XHJX-FM
- Querétaro, Querétaro; Mexico;
- Frequency: 88.7 FM
- Branding: Radio Fórmula

Programming
- Format: News/talk

Ownership
- Owner: Grupo Fórmula; (Transmisora Regional Radio Fórmula, S.A. de C.V.);

History
- First air date: October 11, 1941

Technical information
- Class: AA
- ERP: 0.750 kW
- HAAT: 263.47 m
- Transmitter coordinates: 20°39′58.7″N 100°21′19″W﻿ / ﻿20.666306°N 100.35528°W

Links
- Webcast: Listen live
- Website: radioformula.com.mx

= XHJX-FM =

Radio station in Querétaro, Querétaro, Mexico

XHJX-FM is a radio station in Querétaro, Querétaro, Mexico. Broadcasting on 88.7 FM, XHJX is the local transmitter for Radio Fórmula programming.

==History==
XEJX-AM 1450, later 1250, signed on air on October 11, 1941, after receiving its concession on July 8 of that year. General Ramón Rodríguez Familiar, a former governor of the state of Querétaro, obtained the concession through the company Radio Emisora Queretana, S. de R.L. In 1949, the company added a new station, XENA-AM 1450 (now XHNAQ-FM 104.9).

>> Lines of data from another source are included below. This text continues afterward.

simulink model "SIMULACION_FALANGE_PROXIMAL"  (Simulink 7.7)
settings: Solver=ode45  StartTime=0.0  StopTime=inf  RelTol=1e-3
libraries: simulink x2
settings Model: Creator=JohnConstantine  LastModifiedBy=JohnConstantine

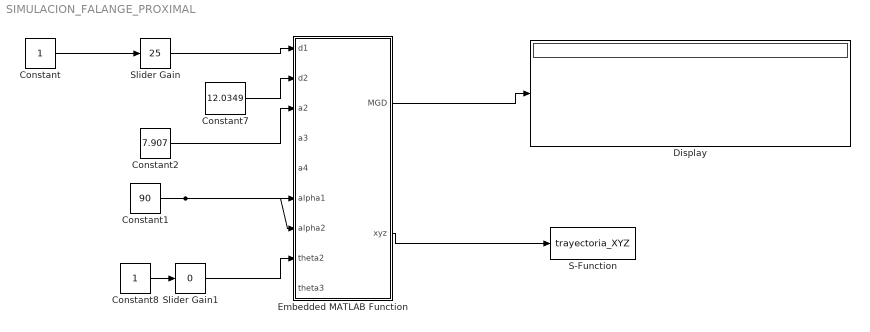
== system SIMULACION_FALANGE_PROXIMAL ==
  Constant : Constant
  Constant1 : Constant  Value=90
  Constant2 : Constant  Value=7.907
  Constant7 : Constant  Value=12.0349
  Constant8 : Constant
  Display : Display
  Embedded MATLAB Function : Stateflow chart  TreatAsAtomicUnit=on
  S-Function : S-Function  FunctionName=trayectoria_XYZ  Parameters=[-100 100 -100 100 -100 100]  EnableBusSupport=off
  Slider Gain : simulink/Math Operations/Slider Gain  SystemSampleTime=-1  low=0  gain=25  high=25
  Slider Gain1 : simulink/Math Operations/Slider Gain  SystemSampleTime=-1  low=0  gain=0  high=15
  wires:
  Constant/1 -> Slider Gain/1
  Constant1/1 -> Embedded MATLAB Function/6(alpha1), Embedded MATLAB Function/7(alpha2)
  Constant2/1 -> Embedded MATLAB Function/3(a2)
  Slider Gain/1 -> Embedded MATLAB Function/1(d1)
  Constant8/1 -> Slider Gain1/1
  Slider Gain1/1 -> Embedded MATLAB Function/8(theta2)
  Embedded MATLAB Function/1(MGD) -> Display/1
  Embedded MATLAB Function/2(xyz) -> S-Function/1
  Constant7/1 -> Embedded MATLAB Function/2(d2)

== matlab function Embedded MATLAB Function ==
  data: d1 input double; MGD output double; d2 input double; a2 input double; a3 input double; a4 input double; alpha1 input double; alpha2 input double; theta2 input double; xyz output double; theta3 input double
function [MGD,xyz] =mgdFalange(d1,d2,a2,a3,a4,alpha1,alpha2,theta2,theta3)
                                                                
                                                             
MGD=[                                              cosd(theta2)*cosd(theta3) - cosd(alpha2)*sind(theta2)*sind(theta3),                                                     - cosd(theta2)*sind(theta3) - cosd(alpha2)*cosd(theta3)*sind(theta2),                                         sind(alpha2)*sind(theta2),                                                                                       cosd(theta2)*(a2 + d1) + cosd(theta2)*cosd(theta3)*(a3 + a4) - cosd(alpha2)*sind(theta2)*sind(theta3)*(a3 + a4);...
 cosd(alpha1)*cosd(theta3)*sind(theta2) - sind(theta3)*(sind(alpha1)*sind(alpha2) - cosd(alpha1)*cosd(alpha2)*cosd(theta2)), - cosd(theta3)*(sind(alpha1)*sind(alpha2) - cosd(alpha1)*cosd(alpha2)*cosd(theta2)) - cosd(alpha1)*sind(theta2)*sind(theta3), - cosd(alpha2)*sind(alpha1) - cosd(alpha1)*sind(alpha2)*cosd(theta2),      cosd(alpha1)*sind(theta2)*(a2 + d1) - d2*sind(alpha1) - sind(theta3)*(a3 + a4)*(sind(alpha1)*sind(alpha2) - cosd(alpha1)*cosd(alpha2)*cosd(theta2)) + cosd(alpha1)*cosd(theta3)*sind(theta2)*(a3 + a4);...
 sind(theta3)*(cosd(alpha1)*sind(alpha2) + cosd(alpha2)*sind(alpha1)*cosd(theta2)) + sind(alpha1)*cosd(theta3)*sind(theta2),   cosd(theta3)*(cosd(alpha1)*sind(alpha2) + cosd(alpha2)*sind(alpha1)*cosd(theta2)) - sind(alpha1)*sind(theta2)*sind(theta3),   cosd(alpha1)*cosd(alpha2) - sind(alpha1)*sind(alpha2)*cosd(theta2), d1 + d2*cosd(alpha1) + sind(alpha1)*sind(theta2)*(a2 + d1) + sind(theta3)*(a3 + a4)*(cosd(alpha1)*sind(alpha2) + cosd(alpha2)*sind(alpha1)*cosd(theta2)) + sind(alpha1)*cosd(theta3)*sind(theta2)*(a3 + a4);...
                                                                                                                 0,                                                                                                                   0,                                                               0,                                                                                                                                                                                               1]

xyz=[MGD(1,4) MGD(2,4) MGD(3,4)];

In 1962, XEJX and XENA moved to new facilities in Querétaro, inaugurated by Governor Manuel González Cossio, known as the Edificio Desarrollo Radiofónico (Radio Development Building). The building later came to serve as the company's namesake. The station was known as "Radio Dólar", referring to the then-exchange rate of one U.S. dollar for 12.5 pesos. In the 1980s, the station became "La Divertida 1250", but the Radio Dólar name returned in 1988 only to disappear again in 1993.

Later on, the station turned toward various other formats: talk Antena 1250 and later grupera-formatted Radio Lobo Querétaro, a franchise of the Celaya station.

In 1999, three months after changing formats to romantic music, Desarrollo Radiofónico (later renamed Multimundo Radio) sold XEJX to Organización Radio Fórmula, which changed its format to Radio Fórmula programming. XEJX carried the Segunda Cadena of Radio Fórmula with some local programs.

In 2012, XEJX began direct operation from Mexico City, and the FM station launched. On April 11, 2014, 1250 AM went off the air permanently.